Took the family to Amazon World yesterday. Here are some pics I took of the very cute Ring-tailed Lemurs in the 'Walk with Lemurs' exhibit! They were just amazing - you could walk right up close to them and touch them although you weren't supposed to! It was lovely to have them running around your feet and leaping about on the rope barriers!

One pair had a very inquisitive baby who decided to jump on to Ryan's (my son) hand to look at his camera! It sat there and licked his palm and nibbled his fingers! Soooo cute, lol! Then it jumped on to my back. Sadly I didn't get pics with the baby on me though - he didn't stay for long enough! It was an amazing experience - well worth the entrance fee to see these wonderful creatures up close! :flrt:

There should have been a sign for the lemurs saying 'Please do not touch the humans', lol!


----------



## monitormayhem (Jun 2, 2010)

Wow that looks like a great day out, lovely pics: victory:


----------



## Zoo-Man (Apr 12, 2008)

"They are just a bunch of pansies!"

Anyone get it???


----------



## LoveForLizards (Apr 20, 2008)

Awesome! I went to a similar thing not long ago except with Macaques, it's amazing getting so up close with them and being able to observe them all as a group.. :2thumb:



Zoo-Man said:


> "They are just a bunch of pansies!"
> 
> Anyone get it???


This actually made me laugh out loud... :blush:


----------



## Zoo-Man (Apr 12, 2008)

LoveForLizards said:


> Awesome! I went to a similar thing not long ago except with Macaques, it's amazing getting so up close with them and being able to observe them all as a group.. :2thumb:
> 
> 
> 
> This actually made me laugh out loud... :blush:


"I like to move it move it, I like to move it move it, you like to...........move it!"


----------



## Nix (Jan 23, 2008)

Oh dear Colin!  No more gogo juice for you sweetheart!

Lovely pics of the lemurs and lol on the idea of a sign for the lemurs!


----------



## Zoo-Man (Apr 12, 2008)

Nix said:


> Oh dear Colin!  No more gogo juice for you sweetheart!
> 
> Lovely pics of the lemurs and lol on the idea of a sign for the lemurs!


"Don't you love the people! Not a very lively bunch though!"


----------



## Spuddy (Aug 24, 2009)

Zoo-Man said:


> "Don't you love the people! Not a very lively bunch though!"


 
"The foosa. They are always annoying us by trespassing, interrupting our parties, and ripping our limbs off. "


----------



## Zoo-Man (Apr 12, 2008)

Spuddy said:


> "The foosa. They are always annoying us by trespassing, interrupting our parties, and ripping our limbs off. "
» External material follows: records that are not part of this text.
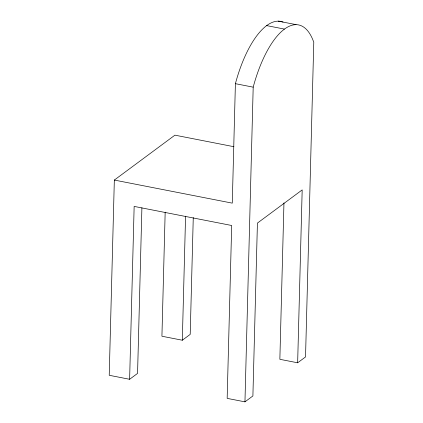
<?xml version="1.0" encoding="UTF-8"?>
<svg xmlns="http://www.w3.org/2000/svg" width="423" height="423" viewBox="0 0 423 423"><rect width="100%" height="100%" fill="white"/><g stroke="black" fill="none" stroke-linecap="round" stroke-linejoin="round"><path stroke-width="0.63" d="M233.887 146.702L174.921 135.159L114.337 180.066L109.224 375.291L129.623 379.283L137.565 373.398L141.901 207.778M129.623 379.283L134.149 206.408L231.688 225.491L227.162 398.371L244.954 401.85L252.896 395.96L257.422 223.085L302.181 189.911L297.649 362.791L279.857 359.312L283.955 202.929M165.171 212.182L161.924 336.232L182.318 340.224L190.207 334.382L193.263 217.591M182.318 340.224L185.57 216.174M283.04 22.07A84.145 33.01 -78.9 0 0 235.4 83.675L232.275 203.14L114.337 180.066M244.954 401.85L253.192 87.154A84.145 33.01 -78.9 0 1 313.776 42.252L305.533 356.949L297.649 362.791M278.271 21.15L296.063 24.629M266.627 25.602L284.42 29.081M235.4 83.675L253.192 87.154"/></g></svg>
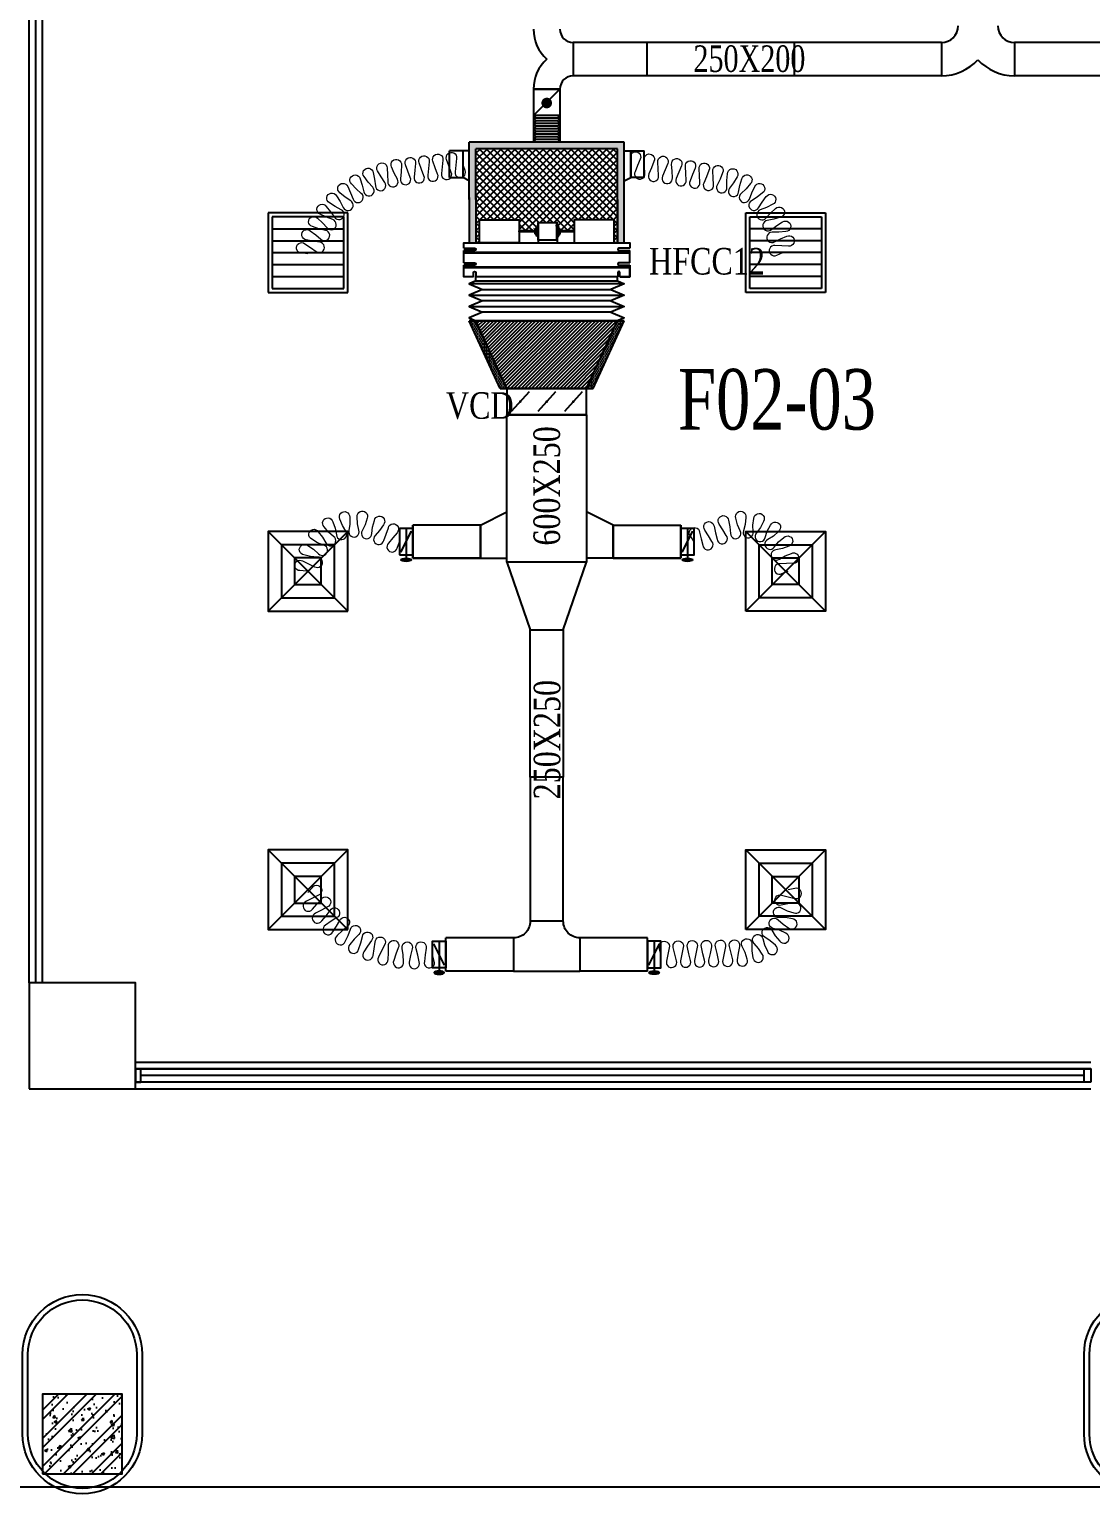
# Model space of a CAD drawing. Header units: metres. Extents: x 352651 to 1421851, y -87441 to -24441.
# Drawn here: x 480578 to 488578, y -76310 to -65277 of the extents above; entities that cross this region are included whole.
import ezdxf
from ezdxf.enums import TextEntityAlignment as Align

# ---------------------------------------------------------------- set-up
doc = ezdxf.new("R2010")
doc.units = ezdxf.units.M
doc.header["$LTSCALE"] = 300
doc.header["$MEASUREMENT"] = 0
for name, color, linetype in [('bat noi mem', 4, 'CONTINUOUS'), ('CUA', 8, 'CONTINUOUS'), ('CUAGIO', 2, 'CONTINUOUS'), ('HATCH', 145, 'CONTINUOUS'), ('KT', 1, 'CONTINUOUS'), ('NOITHAT', 145, 'CONTINUOUS'), ('THAY', 9, 'CONTINUOUS'), ('thayP', 142, 'CONTINUOUS'), ('thiet bi', 11, 'CONTINUOUS'), ('TUONG', 7, 'CONTINUOUS'), ('vach', 6, 'CONTINUOUS')]:
    doc.layers.add(name, color=color, linetype=linetype)
doc.layers.add('noi mem', color=5, linetype='BATTING', lineweight=0)
doc.styles.add('PHU', font='vntimeh.shx', dxfattribs={"width": 0.8})
doc.styles.add('ROMANS', font='romans.shx', dxfattribs={"width": 0.75, "bigfont": 'romancvn.shx'})
doc.linetypes.add('BATTING', pattern='A,0.0001,-0.1,[134,ltypeshp.shx,S=0.1,R=0,X=-0.1,Y=0],-0.2,[134,ltypeshp.shx,S=0.1,R=180,X=0.1,Y=0],-0.1', length=0.4001)
pattern_1 = [(0, (23291.951, 217802.944), (6.25, -12.5), [0, -12.5])]

# ---------------------------------------------------------------- blocks, each defined once
blk = doc.blocks.new('SAD')
at = {"layer": 'CUAGIO', "color": 8}
for p, q in [((-300, -300), (300, 300)), ((300, -300), (-300, 300))]:
    blk.add_line(p, q, dxfattribs=at)
at = {"layer": 'CUAGIO'}
blk.add_lwpolyline([(300, -300), (300, 300), (-300, 300), (-300, -300)], close=True, dxfattribs=at)
at = {"layer": 'CUAGIO', "color": 8}
for points in [[(200, -200), (200, 200), (-200, 200), (-200, -200)], [(100, -100), (100, 100), (-100, 100), (-100, -100)]]:
    blk.add_lwpolyline(points, close=True, dxfattribs=at)
blk = doc.blocks.new('SAG')
at = {"layer": 'CUAGIO'}
for p, q in [((-300, 300), (-300, -300)), ((300, 300), (-300, 300)), ((300, -300), (300, 300)), ((-300, -300), (300, -300))]:
    blk.add_line(p, q, dxfattribs=at)
at = {"layer": 'CUAGIO', "color": 8}
for p, q in [((-270, 270), (-270, -270)), ((270, 270), (-270, 270)), ((-180, -270), (-180, 270)), ((-90, -270), (-90, 270)), ((0, -270), (0, 270)), ((90, -270), (90, 270)), ((180, -270), (180, 270)), ((270, -270), (270, 270)), ((-270, -270), (270, -270))]:
    blk.add_line(p, q, dxfattribs=at)
blk = doc.blocks.new('cot1')
at = {"layer": 'vach'}
blk.add_lwpolyline([(-400, -400), (400, -400), (400, 400), (-400, 400)], close=True, dxfattribs=at)
blk = doc.blocks.new('bac noi mem')
at = {"layer": 'bat noi mem'}
for p, q in [((493887, -64673), (493867, -64693)), ((494067, -64693), (493867, -64693)), ((493867, -64693), (493887, -64713)), ((493887, -64713), (493867, -64733)), ((494067, -64733), (493867, -64733)), ((493867, -64733), (493887, -64753)), ((493887, -64753), (493867, -64773)), ((494047, -64673), (493887, -64673)), ((494047, -64713), (493887, -64713)), ((494047, -64753), (493887, -64753)), ((494047, -64673), (494067, -64693)), ((494067, -64693), (494047, -64713)), ((494047, -64713), (494067, -64733)), ((494067, -64733), (494047, -64753)), ((494047, -64753), (494067, -64773)), ((494067, -64773), (493867, -64773)), ((493867, -64773), (493887, -64793)), ((493887, -64793), (493867, -64813)), ((494067, -64813), (493867, -64813)), ((493867, -64813), (493887, -64833)), ((493887, -64833), (493867, -64853)), ((494067, -64853), (493867, -64853)), ((493867, -64853), (493887, -64873)), ((494047, -64793), (493887, -64793)), ((494047, -64833), (493887, -64833)), ((494067, -64773), (494047, -64793)), ((494047, -64793), (494067, -64813)), ((494067, -64813), (494047, -64833)), ((494047, -64833), (494067, -64853)), ((494067, -64853), (494047, -64873)), ((494047, -64873), (493887, -64873))]:
    blk.add_line(p, q, dxfattribs=at)
blk = doc.blocks.new('1-van gio D200')
at = {"layer": 'CUAGIO'}
h = blk.add_hatch(dxfattribs=at)
h.set_pattern_fill('ANSI31', color=256, scale=100, style=0)
edge = h.paths.add_edge_path()
edge.add_ellipse((486127, -58494), major_axis=(-38.1, 0), ratio=0.310482, start_angle=0, end_angle=360, ccw=False)
for p, q in [((486167, -58437), (486087, -58277)), ((486127, -58257), (486127, -58494))]:
    blk.add_line(p, q, dxfattribs=at)
at = {"layer": 'CUAGIO', "const_width": 3}
for points in [[(486127, -58457), (486177, -58457), (486177, -58257), (486077, -58257), (486077, -58457), (486127, -58457)], [(486167, -58437), (486087, -58277)], [(486127, -58257), (486127, -58494)]]:
    blk.add_lwpolyline(points, dxfattribs=at)
at = {"layer": 'CUAGIO'}
blk.add_lwpolyline([(486177, -58457), (486077, -58457), (486077, -58257), (486177, -58257)], close=True, dxfattribs=at)
at = {"layer": 'CUAGIO', "const_width": 5.35}
blk.add_lwpolyline([(486131, -58357, -1), (486123, -58357, -1)], format="xyb", close=True, dxfattribs=at)
at = {"layer": 'CUAGIO', "extrusion": (0, 0, -1)}
blk.add_ellipse((486127, -58494), major_axis=(-38.1, 0), ratio=0.310482, start_param=-1.570796, end_param=4.712389, dxfattribs=at)

msp = doc.modelspace()

# ---------------------------------------------------------------- hatches: boundary and pattern name
at = {"layer": 'CUAGIO'}
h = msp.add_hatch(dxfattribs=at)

"Thats ok, I've got a bigger crown. Look, its got a gecko on it!"


----------



## Spuddy (Aug 24, 2009)

Zoo-Man said:


> "Thats ok, I've got a bigger crown. Look, its got a gecko on it!"


 
Shhhh, we're hiding. Everyone needs to be quiet, including me... SHHHHHH! Who's making that noise? Oh, it's me again...


----------



## Zoo-Man (Apr 12, 2008)

Spuddy said:


> Shhhh, we're hiding. Everyone needs to be quiet, including me... SHHHHHH! Who's making that noise? Oh, it's me again...


"Does anybody else have the heeby-geebies? No, so shut up!"


----------



## heron (Nov 21, 2008)

Ahh awesome pics! I'll have to try and find my photos from when I did zookeeper for a day at whipsnade. We finished in the lemur enclosure!

Btw, they LOVE raisins


----------